Stored entries
▽

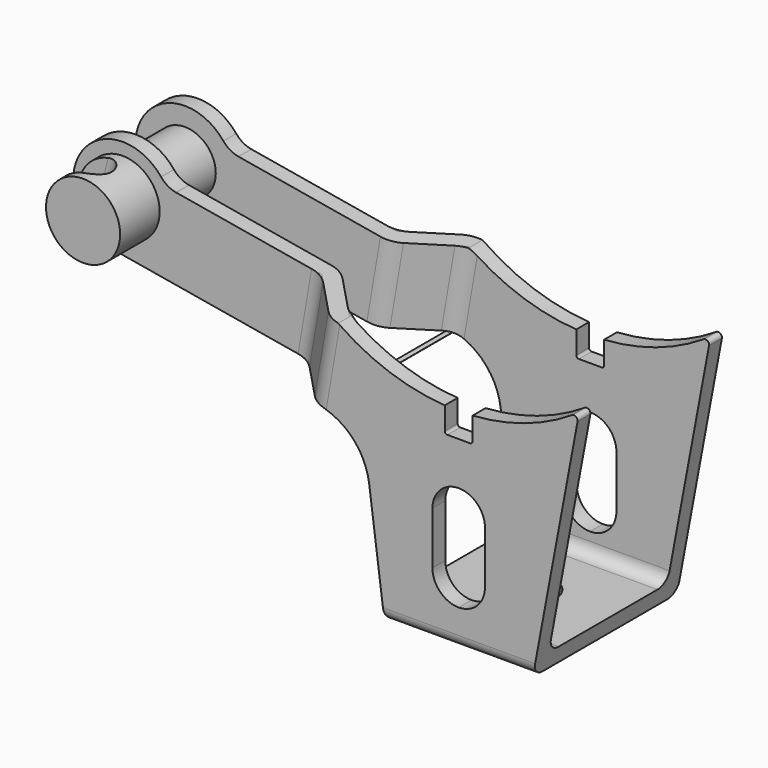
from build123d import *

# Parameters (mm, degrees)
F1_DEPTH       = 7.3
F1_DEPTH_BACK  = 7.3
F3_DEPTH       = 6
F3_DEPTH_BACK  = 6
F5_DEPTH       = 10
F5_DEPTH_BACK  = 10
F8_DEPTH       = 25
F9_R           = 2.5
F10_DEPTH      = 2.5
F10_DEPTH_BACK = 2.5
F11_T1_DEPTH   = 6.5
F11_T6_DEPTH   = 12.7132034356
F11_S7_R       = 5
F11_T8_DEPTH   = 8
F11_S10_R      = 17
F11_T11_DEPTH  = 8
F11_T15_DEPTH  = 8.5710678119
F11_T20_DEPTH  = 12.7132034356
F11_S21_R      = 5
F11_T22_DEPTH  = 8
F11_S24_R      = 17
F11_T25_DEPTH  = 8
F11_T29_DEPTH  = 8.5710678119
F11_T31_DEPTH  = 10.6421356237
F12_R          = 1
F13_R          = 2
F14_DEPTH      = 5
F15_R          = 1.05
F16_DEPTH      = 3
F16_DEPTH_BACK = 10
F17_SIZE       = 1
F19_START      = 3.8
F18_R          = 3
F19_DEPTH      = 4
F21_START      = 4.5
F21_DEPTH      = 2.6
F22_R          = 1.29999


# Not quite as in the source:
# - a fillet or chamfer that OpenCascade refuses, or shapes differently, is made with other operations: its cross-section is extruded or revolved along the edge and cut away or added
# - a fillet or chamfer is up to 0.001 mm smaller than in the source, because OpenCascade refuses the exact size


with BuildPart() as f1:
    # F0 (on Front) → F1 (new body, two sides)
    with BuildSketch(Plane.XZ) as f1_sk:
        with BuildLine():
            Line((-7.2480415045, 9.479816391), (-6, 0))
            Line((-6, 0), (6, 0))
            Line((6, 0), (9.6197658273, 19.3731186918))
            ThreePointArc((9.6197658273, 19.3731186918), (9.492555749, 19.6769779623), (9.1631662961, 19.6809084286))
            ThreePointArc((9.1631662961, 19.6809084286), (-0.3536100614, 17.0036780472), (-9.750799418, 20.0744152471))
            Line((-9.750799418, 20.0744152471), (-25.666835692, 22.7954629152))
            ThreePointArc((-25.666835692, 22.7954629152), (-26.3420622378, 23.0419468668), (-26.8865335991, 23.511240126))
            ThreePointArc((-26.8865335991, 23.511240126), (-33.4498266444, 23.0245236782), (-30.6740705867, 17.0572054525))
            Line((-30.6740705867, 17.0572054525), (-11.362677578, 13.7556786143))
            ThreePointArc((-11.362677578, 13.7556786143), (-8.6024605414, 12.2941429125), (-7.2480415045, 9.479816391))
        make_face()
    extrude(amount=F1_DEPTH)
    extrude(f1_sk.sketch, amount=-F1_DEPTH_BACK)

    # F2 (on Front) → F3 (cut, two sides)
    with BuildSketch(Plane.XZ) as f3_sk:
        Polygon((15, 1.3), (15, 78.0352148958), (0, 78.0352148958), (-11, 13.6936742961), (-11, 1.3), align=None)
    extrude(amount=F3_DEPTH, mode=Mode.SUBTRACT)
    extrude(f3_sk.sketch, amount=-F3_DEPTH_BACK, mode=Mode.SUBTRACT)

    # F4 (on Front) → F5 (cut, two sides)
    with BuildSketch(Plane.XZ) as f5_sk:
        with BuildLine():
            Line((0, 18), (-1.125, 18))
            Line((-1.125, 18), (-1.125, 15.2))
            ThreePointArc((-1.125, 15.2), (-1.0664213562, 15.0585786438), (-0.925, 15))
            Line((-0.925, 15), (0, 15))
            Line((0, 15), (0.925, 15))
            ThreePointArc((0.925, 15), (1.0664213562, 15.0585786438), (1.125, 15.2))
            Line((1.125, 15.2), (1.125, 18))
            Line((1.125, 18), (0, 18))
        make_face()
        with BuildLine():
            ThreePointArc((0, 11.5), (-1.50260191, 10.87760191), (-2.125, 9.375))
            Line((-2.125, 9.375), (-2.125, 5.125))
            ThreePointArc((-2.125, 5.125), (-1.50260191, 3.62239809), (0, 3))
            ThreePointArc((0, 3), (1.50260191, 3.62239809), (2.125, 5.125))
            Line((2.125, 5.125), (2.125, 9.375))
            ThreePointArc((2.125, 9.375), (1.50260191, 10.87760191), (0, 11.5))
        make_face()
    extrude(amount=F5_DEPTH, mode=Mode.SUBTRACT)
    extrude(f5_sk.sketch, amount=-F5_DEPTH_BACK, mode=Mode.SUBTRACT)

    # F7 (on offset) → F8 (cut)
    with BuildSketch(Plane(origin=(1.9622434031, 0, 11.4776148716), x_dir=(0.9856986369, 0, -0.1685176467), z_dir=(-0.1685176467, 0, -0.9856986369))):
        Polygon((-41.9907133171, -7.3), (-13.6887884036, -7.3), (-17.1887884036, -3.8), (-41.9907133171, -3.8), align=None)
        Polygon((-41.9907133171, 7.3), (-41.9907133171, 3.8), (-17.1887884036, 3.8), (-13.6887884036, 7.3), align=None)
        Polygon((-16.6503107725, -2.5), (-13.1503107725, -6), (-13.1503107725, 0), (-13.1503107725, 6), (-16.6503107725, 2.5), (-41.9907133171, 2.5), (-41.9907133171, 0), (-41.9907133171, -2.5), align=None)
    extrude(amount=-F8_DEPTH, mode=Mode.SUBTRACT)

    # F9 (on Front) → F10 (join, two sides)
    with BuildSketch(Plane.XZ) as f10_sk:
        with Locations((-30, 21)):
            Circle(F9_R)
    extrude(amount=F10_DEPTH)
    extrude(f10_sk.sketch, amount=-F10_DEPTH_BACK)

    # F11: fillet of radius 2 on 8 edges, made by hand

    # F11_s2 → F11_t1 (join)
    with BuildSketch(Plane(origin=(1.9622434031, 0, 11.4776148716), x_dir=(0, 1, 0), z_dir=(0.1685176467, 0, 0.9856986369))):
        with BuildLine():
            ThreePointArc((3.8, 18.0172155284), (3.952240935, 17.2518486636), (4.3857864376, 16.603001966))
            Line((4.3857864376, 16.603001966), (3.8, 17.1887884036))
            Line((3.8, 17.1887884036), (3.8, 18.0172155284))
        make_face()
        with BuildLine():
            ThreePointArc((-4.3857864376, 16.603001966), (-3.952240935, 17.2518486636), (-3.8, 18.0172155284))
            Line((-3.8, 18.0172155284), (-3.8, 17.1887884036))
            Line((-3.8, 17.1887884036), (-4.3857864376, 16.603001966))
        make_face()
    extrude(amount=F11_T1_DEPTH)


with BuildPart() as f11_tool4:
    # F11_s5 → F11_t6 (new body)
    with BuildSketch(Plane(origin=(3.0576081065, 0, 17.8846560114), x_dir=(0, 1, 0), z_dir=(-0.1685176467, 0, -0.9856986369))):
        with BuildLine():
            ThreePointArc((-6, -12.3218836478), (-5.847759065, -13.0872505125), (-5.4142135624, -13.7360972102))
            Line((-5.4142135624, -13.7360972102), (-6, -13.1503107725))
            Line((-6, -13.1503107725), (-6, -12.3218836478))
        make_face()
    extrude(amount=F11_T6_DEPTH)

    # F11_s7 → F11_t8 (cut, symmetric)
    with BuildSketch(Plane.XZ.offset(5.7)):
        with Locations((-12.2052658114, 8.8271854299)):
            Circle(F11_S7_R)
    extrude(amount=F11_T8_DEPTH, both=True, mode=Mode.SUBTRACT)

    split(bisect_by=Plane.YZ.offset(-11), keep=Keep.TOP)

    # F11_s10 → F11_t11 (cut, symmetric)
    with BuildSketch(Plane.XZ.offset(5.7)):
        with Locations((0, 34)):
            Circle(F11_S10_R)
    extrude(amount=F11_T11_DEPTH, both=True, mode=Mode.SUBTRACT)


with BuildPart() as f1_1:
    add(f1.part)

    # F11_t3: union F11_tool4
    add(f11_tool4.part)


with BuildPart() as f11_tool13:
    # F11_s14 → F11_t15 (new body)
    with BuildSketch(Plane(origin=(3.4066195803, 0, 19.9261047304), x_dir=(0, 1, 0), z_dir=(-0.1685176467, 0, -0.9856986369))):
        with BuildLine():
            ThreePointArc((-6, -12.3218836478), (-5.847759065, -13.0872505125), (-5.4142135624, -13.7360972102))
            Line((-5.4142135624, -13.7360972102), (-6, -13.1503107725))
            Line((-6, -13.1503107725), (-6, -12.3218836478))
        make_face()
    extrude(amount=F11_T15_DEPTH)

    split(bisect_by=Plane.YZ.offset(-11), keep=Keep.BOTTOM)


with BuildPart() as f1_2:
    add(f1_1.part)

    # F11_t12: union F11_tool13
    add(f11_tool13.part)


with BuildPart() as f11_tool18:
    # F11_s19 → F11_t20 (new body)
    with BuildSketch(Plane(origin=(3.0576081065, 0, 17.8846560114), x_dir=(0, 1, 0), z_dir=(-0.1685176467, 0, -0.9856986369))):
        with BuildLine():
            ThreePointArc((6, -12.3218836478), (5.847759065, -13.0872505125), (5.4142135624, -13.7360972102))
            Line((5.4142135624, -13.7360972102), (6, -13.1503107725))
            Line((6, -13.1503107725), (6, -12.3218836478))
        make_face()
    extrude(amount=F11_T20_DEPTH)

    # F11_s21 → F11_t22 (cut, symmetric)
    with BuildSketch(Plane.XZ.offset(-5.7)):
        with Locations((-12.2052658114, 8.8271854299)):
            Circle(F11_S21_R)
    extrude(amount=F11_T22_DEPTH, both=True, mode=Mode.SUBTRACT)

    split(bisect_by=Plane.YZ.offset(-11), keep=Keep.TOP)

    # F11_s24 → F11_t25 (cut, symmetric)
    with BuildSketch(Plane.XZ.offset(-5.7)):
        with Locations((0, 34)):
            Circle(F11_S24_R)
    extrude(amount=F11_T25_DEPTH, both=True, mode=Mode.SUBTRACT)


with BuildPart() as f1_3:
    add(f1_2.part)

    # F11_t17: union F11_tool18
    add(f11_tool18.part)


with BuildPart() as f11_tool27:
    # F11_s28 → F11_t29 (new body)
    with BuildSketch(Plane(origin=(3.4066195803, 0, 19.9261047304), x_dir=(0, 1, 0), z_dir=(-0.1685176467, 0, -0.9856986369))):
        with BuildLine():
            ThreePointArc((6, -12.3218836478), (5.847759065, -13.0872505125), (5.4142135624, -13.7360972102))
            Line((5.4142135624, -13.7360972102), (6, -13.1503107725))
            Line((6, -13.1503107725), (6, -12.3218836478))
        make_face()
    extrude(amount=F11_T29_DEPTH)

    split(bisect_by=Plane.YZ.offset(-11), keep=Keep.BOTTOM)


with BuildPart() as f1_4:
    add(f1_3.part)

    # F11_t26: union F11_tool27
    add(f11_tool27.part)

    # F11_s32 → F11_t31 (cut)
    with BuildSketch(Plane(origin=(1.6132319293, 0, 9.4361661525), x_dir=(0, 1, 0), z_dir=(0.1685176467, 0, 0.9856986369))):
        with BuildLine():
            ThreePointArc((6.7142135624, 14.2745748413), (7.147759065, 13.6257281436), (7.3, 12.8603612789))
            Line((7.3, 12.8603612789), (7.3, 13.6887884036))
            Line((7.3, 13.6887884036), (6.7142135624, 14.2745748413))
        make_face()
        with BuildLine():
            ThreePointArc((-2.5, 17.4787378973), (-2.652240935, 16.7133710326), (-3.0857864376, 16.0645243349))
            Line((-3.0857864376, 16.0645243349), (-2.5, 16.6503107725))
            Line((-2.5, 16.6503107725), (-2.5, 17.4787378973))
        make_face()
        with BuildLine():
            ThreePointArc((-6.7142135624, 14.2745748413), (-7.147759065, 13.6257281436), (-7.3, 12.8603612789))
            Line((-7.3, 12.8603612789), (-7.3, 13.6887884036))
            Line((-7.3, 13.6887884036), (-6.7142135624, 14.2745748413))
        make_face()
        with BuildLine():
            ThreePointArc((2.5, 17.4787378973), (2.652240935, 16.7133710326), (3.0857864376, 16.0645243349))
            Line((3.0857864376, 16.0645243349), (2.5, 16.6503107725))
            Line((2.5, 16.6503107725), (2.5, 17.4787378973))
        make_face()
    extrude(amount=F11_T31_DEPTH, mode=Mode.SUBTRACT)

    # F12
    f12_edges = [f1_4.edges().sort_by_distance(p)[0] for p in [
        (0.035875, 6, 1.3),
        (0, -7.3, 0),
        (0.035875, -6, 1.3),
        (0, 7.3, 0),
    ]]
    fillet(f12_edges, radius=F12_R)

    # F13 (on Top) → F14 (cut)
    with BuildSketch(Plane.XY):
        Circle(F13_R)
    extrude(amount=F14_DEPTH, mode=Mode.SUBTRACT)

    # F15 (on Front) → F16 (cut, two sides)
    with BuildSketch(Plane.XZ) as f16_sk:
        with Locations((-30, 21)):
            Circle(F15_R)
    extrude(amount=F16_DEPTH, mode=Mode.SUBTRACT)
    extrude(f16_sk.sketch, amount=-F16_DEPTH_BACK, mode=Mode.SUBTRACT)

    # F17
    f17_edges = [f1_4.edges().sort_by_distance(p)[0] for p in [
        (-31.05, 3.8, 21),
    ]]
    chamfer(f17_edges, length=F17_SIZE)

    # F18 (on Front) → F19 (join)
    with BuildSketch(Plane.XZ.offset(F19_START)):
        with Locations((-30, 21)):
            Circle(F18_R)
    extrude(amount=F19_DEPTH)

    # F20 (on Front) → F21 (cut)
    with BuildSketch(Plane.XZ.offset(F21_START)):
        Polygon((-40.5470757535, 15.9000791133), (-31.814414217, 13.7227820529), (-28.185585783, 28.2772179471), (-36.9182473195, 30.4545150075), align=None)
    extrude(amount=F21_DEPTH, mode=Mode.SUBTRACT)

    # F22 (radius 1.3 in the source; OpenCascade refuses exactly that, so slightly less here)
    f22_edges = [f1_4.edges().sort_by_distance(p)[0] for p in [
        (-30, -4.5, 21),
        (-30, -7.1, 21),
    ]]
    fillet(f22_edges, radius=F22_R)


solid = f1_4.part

△

Set down the records above word for word, from the first line through the line containing "# F0 (on Front)", both included; leave out the pictures.

from build123d import *

# Parameters (mm, degrees)
F1_DEPTH       = 7.3
F1_DEPTH_BACK  = 7.3
F3_DEPTH       = 6
F3_DEPTH_BACK  = 6
F5_DEPTH       = 10
F5_DEPTH_BACK  = 10
F8_DEPTH       = 25
F9_R           = 2.5
F10_DEPTH      = 2.5
F10_DEPTH_BACK = 2.5
F11_T1_DEPTH   = 6.5
F11_T6_DEPTH   = 12.7132034356
F11_S7_R       = 5
F11_T8_DEPTH   = 8
F11_S10_R      = 17
F11_T11_DEPTH  = 8
F11_T15_DEPTH  = 8.5710678119
F11_T20_DEPTH  = 12.7132034356
F11_S21_R      = 5
F11_T22_DEPTH  = 8
F11_S24_R      = 17
F11_T25_DEPTH  = 8
F11_T29_DEPTH  = 8.5710678119
F11_T31_DEPTH  = 10.6421356237
F12_R          = 1
F13_R          = 2
F14_DEPTH      = 5
F15_R          = 1.05
F16_DEPTH      = 3
F16_DEPTH_BACK = 10
F17_SIZE       = 1
F19_START      = 3.8
F18_R          = 3
F19_DEPTH      = 4
F21_START      = 4.5
F21_DEPTH      = 2.6
F22_R          = 1.29999


# Not quite as in the source:
# - a fillet or chamfer that OpenCascade refuses, or shapes differently, is made with other operations: its cross-section is extruded or revolved along the edge and cut away or added
# - a fillet or chamfer is up to 0.001 mm smaller than in the source, because OpenCascade refuses the exact size


with BuildPart() as f1:
    # F0 (on Front) → F1 (new body, two sides)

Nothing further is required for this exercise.